Work item → Print all the entries exactly.

Collected data entries →

==========

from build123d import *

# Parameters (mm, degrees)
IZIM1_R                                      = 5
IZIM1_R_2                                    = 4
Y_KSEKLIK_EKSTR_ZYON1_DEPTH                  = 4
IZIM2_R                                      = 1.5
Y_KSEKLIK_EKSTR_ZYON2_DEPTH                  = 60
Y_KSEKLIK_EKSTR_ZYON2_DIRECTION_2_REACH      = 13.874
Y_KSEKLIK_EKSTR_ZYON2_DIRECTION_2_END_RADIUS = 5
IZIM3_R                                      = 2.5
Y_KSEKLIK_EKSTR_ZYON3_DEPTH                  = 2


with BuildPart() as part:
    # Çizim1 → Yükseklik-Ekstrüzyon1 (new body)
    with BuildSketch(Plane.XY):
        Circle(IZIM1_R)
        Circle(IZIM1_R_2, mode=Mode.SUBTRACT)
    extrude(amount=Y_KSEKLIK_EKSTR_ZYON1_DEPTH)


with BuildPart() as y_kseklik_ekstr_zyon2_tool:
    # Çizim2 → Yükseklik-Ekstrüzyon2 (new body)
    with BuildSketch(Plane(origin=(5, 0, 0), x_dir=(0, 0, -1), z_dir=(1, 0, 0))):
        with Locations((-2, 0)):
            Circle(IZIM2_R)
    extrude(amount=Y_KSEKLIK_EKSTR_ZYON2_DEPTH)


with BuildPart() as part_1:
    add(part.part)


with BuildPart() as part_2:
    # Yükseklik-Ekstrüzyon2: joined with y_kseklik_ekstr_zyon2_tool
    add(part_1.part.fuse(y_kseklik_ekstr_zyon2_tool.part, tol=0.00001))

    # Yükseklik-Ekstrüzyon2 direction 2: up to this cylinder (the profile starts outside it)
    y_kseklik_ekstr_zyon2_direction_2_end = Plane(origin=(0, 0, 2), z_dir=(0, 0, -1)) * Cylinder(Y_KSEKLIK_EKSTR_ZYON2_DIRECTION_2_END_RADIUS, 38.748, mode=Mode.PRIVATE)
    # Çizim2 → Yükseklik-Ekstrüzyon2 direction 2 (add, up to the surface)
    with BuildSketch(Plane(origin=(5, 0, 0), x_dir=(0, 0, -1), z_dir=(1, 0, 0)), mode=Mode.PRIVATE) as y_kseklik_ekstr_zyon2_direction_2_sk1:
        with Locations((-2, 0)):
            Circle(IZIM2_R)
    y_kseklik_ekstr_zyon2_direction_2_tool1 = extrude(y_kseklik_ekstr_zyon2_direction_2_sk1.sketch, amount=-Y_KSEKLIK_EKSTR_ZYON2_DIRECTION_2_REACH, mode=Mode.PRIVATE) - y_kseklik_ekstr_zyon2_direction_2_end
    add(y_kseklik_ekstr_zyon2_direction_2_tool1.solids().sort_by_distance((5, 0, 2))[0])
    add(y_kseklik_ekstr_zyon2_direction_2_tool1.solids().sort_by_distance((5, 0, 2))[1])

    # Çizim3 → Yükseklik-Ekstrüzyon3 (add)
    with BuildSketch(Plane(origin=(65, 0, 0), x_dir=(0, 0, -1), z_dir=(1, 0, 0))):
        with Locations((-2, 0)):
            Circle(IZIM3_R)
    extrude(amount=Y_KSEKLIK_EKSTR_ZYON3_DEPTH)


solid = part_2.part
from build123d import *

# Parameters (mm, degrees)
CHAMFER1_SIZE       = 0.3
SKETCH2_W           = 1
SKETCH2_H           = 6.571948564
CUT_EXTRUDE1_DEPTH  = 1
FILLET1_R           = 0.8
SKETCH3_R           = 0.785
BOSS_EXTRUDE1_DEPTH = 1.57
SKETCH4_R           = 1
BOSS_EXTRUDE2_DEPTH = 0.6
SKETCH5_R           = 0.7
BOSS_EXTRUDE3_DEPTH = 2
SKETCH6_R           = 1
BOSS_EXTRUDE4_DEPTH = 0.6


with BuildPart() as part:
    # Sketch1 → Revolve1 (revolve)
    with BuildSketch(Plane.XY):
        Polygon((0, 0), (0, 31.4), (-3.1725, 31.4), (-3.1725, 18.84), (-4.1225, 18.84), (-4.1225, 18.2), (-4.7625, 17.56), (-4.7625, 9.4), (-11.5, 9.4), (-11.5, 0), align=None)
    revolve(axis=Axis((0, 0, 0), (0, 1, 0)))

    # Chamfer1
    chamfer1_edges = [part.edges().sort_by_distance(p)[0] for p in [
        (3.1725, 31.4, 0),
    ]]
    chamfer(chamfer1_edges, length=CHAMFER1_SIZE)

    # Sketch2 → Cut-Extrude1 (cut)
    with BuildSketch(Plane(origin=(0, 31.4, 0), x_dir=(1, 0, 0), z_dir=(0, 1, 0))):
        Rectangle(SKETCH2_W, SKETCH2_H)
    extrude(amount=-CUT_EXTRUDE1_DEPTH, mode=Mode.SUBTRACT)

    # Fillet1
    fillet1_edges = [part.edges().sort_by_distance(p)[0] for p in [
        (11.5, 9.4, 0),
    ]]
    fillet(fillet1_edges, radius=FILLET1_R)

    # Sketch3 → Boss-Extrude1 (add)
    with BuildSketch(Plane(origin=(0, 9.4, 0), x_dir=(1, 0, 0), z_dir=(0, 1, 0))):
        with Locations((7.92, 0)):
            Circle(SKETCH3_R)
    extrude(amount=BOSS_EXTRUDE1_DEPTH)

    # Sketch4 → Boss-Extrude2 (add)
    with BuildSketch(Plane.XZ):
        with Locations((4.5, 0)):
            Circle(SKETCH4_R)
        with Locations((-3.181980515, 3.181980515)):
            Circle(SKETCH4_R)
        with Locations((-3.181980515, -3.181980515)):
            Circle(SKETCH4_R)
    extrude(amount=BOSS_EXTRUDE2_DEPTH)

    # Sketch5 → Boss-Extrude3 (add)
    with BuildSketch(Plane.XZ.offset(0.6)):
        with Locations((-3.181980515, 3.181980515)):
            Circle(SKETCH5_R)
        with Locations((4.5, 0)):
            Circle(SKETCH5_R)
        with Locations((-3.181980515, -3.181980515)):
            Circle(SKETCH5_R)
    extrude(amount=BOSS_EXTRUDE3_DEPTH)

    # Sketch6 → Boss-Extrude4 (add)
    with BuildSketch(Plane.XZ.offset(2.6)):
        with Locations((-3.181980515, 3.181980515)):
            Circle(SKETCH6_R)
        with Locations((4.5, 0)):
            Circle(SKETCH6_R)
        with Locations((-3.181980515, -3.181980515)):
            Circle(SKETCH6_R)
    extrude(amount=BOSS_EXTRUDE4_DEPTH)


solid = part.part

==========

Answer space →
from build123d import *

# Parameters (mm, degrees)
IZIM1_R                                      = 5
IZIM1_R_2                                    = 4
Y_KSEKLIK_EKSTR_ZYON1_DEPTH                  = 4
IZIM2_R                                      = 1.5
Y_KSEKLIK_EKSTR_ZYON2_DEPTH                  = 60
Y_KSEKLIK_EKSTR_ZYON2_DIRECTION_2_REACH      = 13.874
Y_KSEKLIK_EKSTR_ZYON2_DIRECTION_2_END_RADIUS = 5
IZIM3_R                                      = 2.5
Y_KSEKLIK_EKSTR_ZYON3_DEPTH                  = 2


with BuildPart() as part:
    # Çizim1 → Yükseklik-Ekstrüzyon1 (new body)
    with BuildSketch(Plane.XY):
        Circle(IZIM1_R)
        Circle(IZIM1_R_2, mode=Mode.SUBTRACT)
    extrude(amount=Y_KSEKLIK_EKSTR_ZYON1_DEPTH)


with BuildPart() as y_kseklik_ekstr_zyon2_tool:
    # Çizim2 → Yükseklik-Ekstrüzyon2 (new body)
    with BuildSketch(Plane(origin=(5, 0, 0), x_dir=(0, 0, -1), z_dir=(1, 0, 0))):
        with Locations((-2, 0)):
            Circle(IZIM2_R)
    extrude(amount=Y_KSEKLIK_EKSTR_ZYON2_DEPTH)


with BuildPart() as part_1:
    add(part.part)


with BuildPart() as part_2:
    # Yükseklik-Ekstrüzyon2: joined with y_kseklik_ekstr_zyon2_tool
    add(part_1.part.fuse(y_kseklik_ekstr_zyon2_tool.part, tol=0.00001))

    # Yükseklik-Ekstrüzyon2 direction 2: up to this cylinder (the profile starts outside it)
    y_kseklik_ekstr_zyon2_direction_2_end = Plane(origin=(0, 0, 2), z_dir=(0, 0, -1)) * Cylinder(Y_KSEKLIK_EKSTR_ZYON2_DIRECTION_2_END_RADIUS, 38.748, mode=Mode.PRIVATE)
    # Çizim2 → Yükseklik-Ekstrüzyon2 direction 2 (add, up to the surface)
    with BuildSketch(Plane(origin=(5, 0, 0), x_dir=(0, 0, -1), z_dir=(1, 0, 0)), mode=Mode.PRIVATE) as y_kseklik_ekstr_zyon2_direction_2_sk1:
        with Locations((-2, 0)):
            Circle(IZIM2_R)
    y_kseklik_ekstr_zyon2_direction_2_tool1 = extrude(y_kseklik_ekstr_zyon2_direction_2_sk1.sketch, amount=-Y_KSEKLIK_EKSTR_ZYON2_DIRECTION_2_REACH, mode=Mode.PRIVATE) - y_kseklik_ekstr_zyon2_direction_2_end
    add(y_kseklik_ekstr_zyon2_direction_2_tool1.solids().sort_by_distance((5, 0, 2))[0])
    add(y_kseklik_ekstr_zyon2_direction_2_tool1.solids().sort_by_distance((5, 0, 2))[1])

    # Çizim3 → Yükseklik-Ekstrüzyon3 (add)
    with BuildSketch(Plane(origin=(65, 0, 0), x_dir=(0, 0, -1), z_dir=(1, 0, 0))):
        with Locations((-2, 0)):
            Circle(IZIM3_R)
    extrude(amount=Y_KSEKLIK_EKSTR_ZYON3_DEPTH)


solid = part_2.part
from build123d import *

# Parameters (mm, degrees)
CHAMFER1_SIZE       = 0.3
SKETCH2_W           = 1
SKETCH2_H           = 6.571948564
CUT_EXTRUDE1_DEPTH  = 1
FILLET1_R           = 0.8
SKETCH3_R           = 0.785
BOSS_EXTRUDE1_DEPTH = 1.57
SKETCH4_R           = 1
BOSS_EXTRUDE2_DEPTH = 0.6
SKETCH5_R           = 0.7
BOSS_EXTRUDE3_DEPTH = 2
SKETCH6_R           = 1
BOSS_EXTRUDE4_DEPTH = 0.6


with BuildPart() as part:
    # Sketch1 → Revolve1 (revolve)
    with BuildSketch(Plane.XY):
        Polygon((0, 0), (0, 31.4), (-3.1725, 31.4), (-3.1725, 18.84), (-4.1225, 18.84), (-4.1225, 18.2), (-4.7625, 17.56), (-4.7625, 9.4), (-11.5, 9.4), (-11.5, 0), align=None)
    revolve(axis=Axis((0, 0, 0), (0, 1, 0)))

    # Chamfer1
    chamfer1_edges = [part.edges().sort_by_distance(p)[0] for p in [
        (3.1725, 31.4, 0),
    ]]
    chamfer(chamfer1_edges, length=CHAMFER1_SIZE)

    # Sketch2 → Cut-Extrude1 (cut)
    with BuildSketch(Plane(origin=(0, 31.4, 0), x_dir=(1, 0, 0), z_dir=(0, 1, 0))):
        Rectangle(SKETCH2_W, SKETCH2_H)
    extrude(amount=-CUT_EXTRUDE1_DEPTH, mode=Mode.SUBTRACT)

    # Fillet1
    fillet1_edges = [part.edges().sort_by_distance(p)[0] for p in [
        (11.5, 9.4, 0),
    ]]
    fillet(fillet1_edges, radius=FILLET1_R)

    # Sketch3 → Boss-Extrude1 (add)
    with BuildSketch(Plane(origin=(0, 9.4, 0), x_dir=(1, 0, 0), z_dir=(0, 1, 0))):
        with Locations((7.92, 0)):
            Circle(SKETCH3_R)
    extrude(amount=BOSS_EXTRUDE1_DEPTH)

    # Sketch4 → Boss-Extrude2 (add)
    with BuildSketch(Plane.XZ):
        with Locations((4.5, 0)):
            Circle(SKETCH4_R)
        with Locations((-3.181980515, 3.181980515)):
            Circle(SKETCH4_R)
        with Locations((-3.181980515, -3.181980515)):
            Circle(SKETCH4_R)
    extrude(amount=BOSS_EXTRUDE2_DEPTH)

    # Sketch5 → Boss-Extrude3 (add)
    with BuildSketch(Plane.XZ.offset(0.6)):
        with Locations((-3.181980515, 3.181980515)):
            Circle(SKETCH5_R)
        with Locations((4.5, 0)):
            Circle(SKETCH5_R)
        with Locations((-3.181980515, -3.181980515)):
            Circle(SKETCH5_R)
    extrude(amount=BOSS_EXTRUDE3_DEPTH)

    # Sketch6 → Boss-Extrude4 (add)
    with BuildSketch(Plane.XZ.offset(2.6)):
        with Locations((-3.181980515, 3.181980515)):
            Circle(SKETCH6_R)
        with Locations((4.5, 0)):
            Circle(SKETCH6_R)
        with Locations((-3.181980515, -3.181980515)):
            Circle(SKETCH6_R)
    extrude(amount=BOSS_EXTRUDE4_DEPTH)


solid = part.part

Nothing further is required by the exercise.